[Items listed in a dataset]

--- START ---

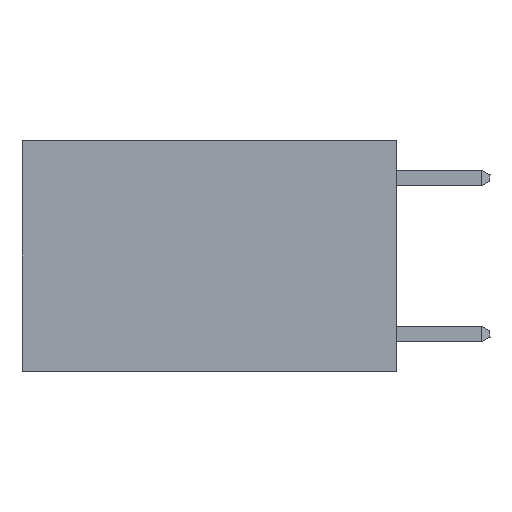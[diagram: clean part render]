
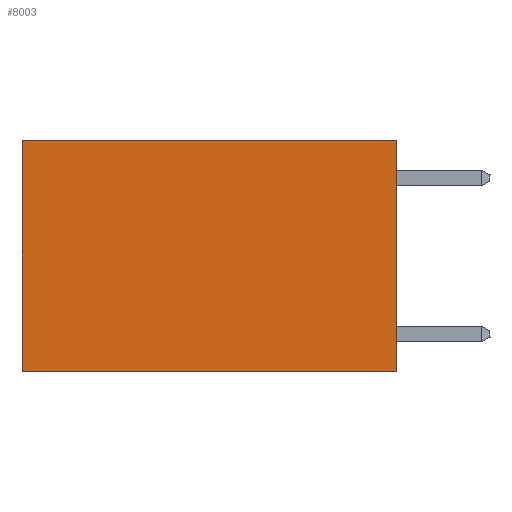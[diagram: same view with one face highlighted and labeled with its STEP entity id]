
A CAD part, left-side view. The second image highlights one B-rep face of the part: STEP entity #8003.
In plain terms, the highlighted planar face has unit normal (-1, 0, 0).
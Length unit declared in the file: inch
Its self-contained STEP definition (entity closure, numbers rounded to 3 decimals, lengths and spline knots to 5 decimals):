
#75 = EDGE_CURVE ( 'NONE', #6158, #20852, #20775, .T. ) ;
#581 = LINE ( 'NONE', #21647, #17015 ) ;
#1466 = DIRECTION ( 'NONE',  ( 1., 0., 0. ) ) ;
#1681 = VECTOR ( 'NONE', #8509, 39.37008 ) ;
#3090 = DIRECTION ( 'NONE',  ( 0., 1., 0. ) ) ;
#3167 = ORIENTED_EDGE ( 'NONE', *, *, #7427, .T. ) ;
#3795 = LINE ( 'NONE', #21235, #1681 ) ;
#3817 = EDGE_LOOP ( 'NONE', ( #3167, #7231, #18800, #19626 ) ) ;
#4510 = FACE_OUTER_BOUND ( 'NONE', #3817, .T. ) ;
#4578 = CARTESIAN_POINT ( 'NONE',  ( 0.2625, 0., -0.37 ) ) ;
#5026 = CARTESIAN_POINT ( 'NONE',  ( 0.2625, 0.6, -0.37 ) ) ;
#5709 = VERTEX_POINT ( 'NONE', #5026 ) ;
#6158 = VERTEX_POINT ( 'NONE', #18804 ) ;
#6815 = EDGE_CURVE ( 'NONE', #6158, #20448, #3795, .T. ) ;
#7231 = ORIENTED_EDGE ( 'NONE', *, *, #21472, .F. ) ;
#7427 = EDGE_CURVE ( 'NONE', #20852, #5709, #581, .T. ) ;
#7556 = AXIS2_PLACEMENT_3D ( 'NONE', #17077, #1466, #22089 ) ;
#8003 = ADVANCED_FACE ( 'NONE', ( #4510 ), #18321, .F. ) ;
#8509 = DIRECTION ( 'NONE',  ( 0., 0., -1. ) ) ;
#8986 = VECTOR ( 'NONE', #3090, 39.37008 ) ;
#10491 = DIRECTION ( 'NONE',  ( 0., 1., 0. ) ) ;
#12208 = CARTESIAN_POINT ( 'NONE',  ( 0.2625, 0., 0. ) ) ;
#12999 = DIRECTION ( 'NONE',  ( 0., 0., -1. ) ) ;
#14878 = CARTESIAN_POINT ( 'NONE',  ( 0.2625, 0.6, 0. ) ) ;
#17015 = VECTOR ( 'NONE', #12999, 39.37008 ) ;
#17077 = CARTESIAN_POINT ( 'NONE',  ( 0.2625, 0., 0. ) ) ;
#17243 = LINE ( 'NONE', #4578, #8986 ) ;
#17905 = CARTESIAN_POINT ( 'NONE',  ( 0.2625, 0., -0.37 ) ) ;
#18321 = PLANE ( 'NONE',  #7556 ) ;
#18800 = ORIENTED_EDGE ( 'NONE', *, *, #6815, .F. ) ;
#18804 = CARTESIAN_POINT ( 'NONE',  ( 0.2625, 0., 0. ) ) ;
#19626 = ORIENTED_EDGE ( 'NONE', *, *, #75, .T. ) ;
#20448 = VERTEX_POINT ( 'NONE', #17905 ) ;
#20775 = LINE ( 'NONE', #12208, #21204 ) ;
#20852 = VERTEX_POINT ( 'NONE', #14878 ) ;
#21204 = VECTOR ( 'NONE', #10491, 39.37008 ) ;
#21235 = CARTESIAN_POINT ( 'NONE',  ( 0.2625, 0., 0. ) ) ;
#21472 = EDGE_CURVE ( 'NONE', #20448, #5709, #17243, .T. ) ;
#21647 = CARTESIAN_POINT ( 'NONE',  ( 0.2625, 0.6, 0. ) ) ;
#22089 = DIRECTION ( 'NONE',  ( 0., 0., -1. ) ) ;

--- END ---

• Exercise details
Retype exactly, and only, the lines that run from the one with "#20448 = VERTEX_POINT ( 'NONE', #17905 ) ;" through the final line of the entries.

• Answer space
#20448 = VERTEX_POINT ( 'NONE', #17905 ) ;
#20775 = LINE ( 'NONE', #12208, #21204 ) ;
#20852 = VERTEX_POINT ( 'NONE', #14878 ) ;
#21204 = VECTOR ( 'NONE', #10491, 39.37008 ) ;
#21235 = CARTESIAN_POINT ( 'NONE',  ( 0.2625, 0., 0. ) ) ;
#21472 = EDGE_CURVE ( 'NONE', #20448, #5709, #17243, .T. ) ;
#21647 = CARTESIAN_POINT ( 'NONE',  ( 0.2625, 0.6, 0. ) ) ;
#22089 = DIRECTION ( 'NONE',  ( 0., 0., -1. ) ) ;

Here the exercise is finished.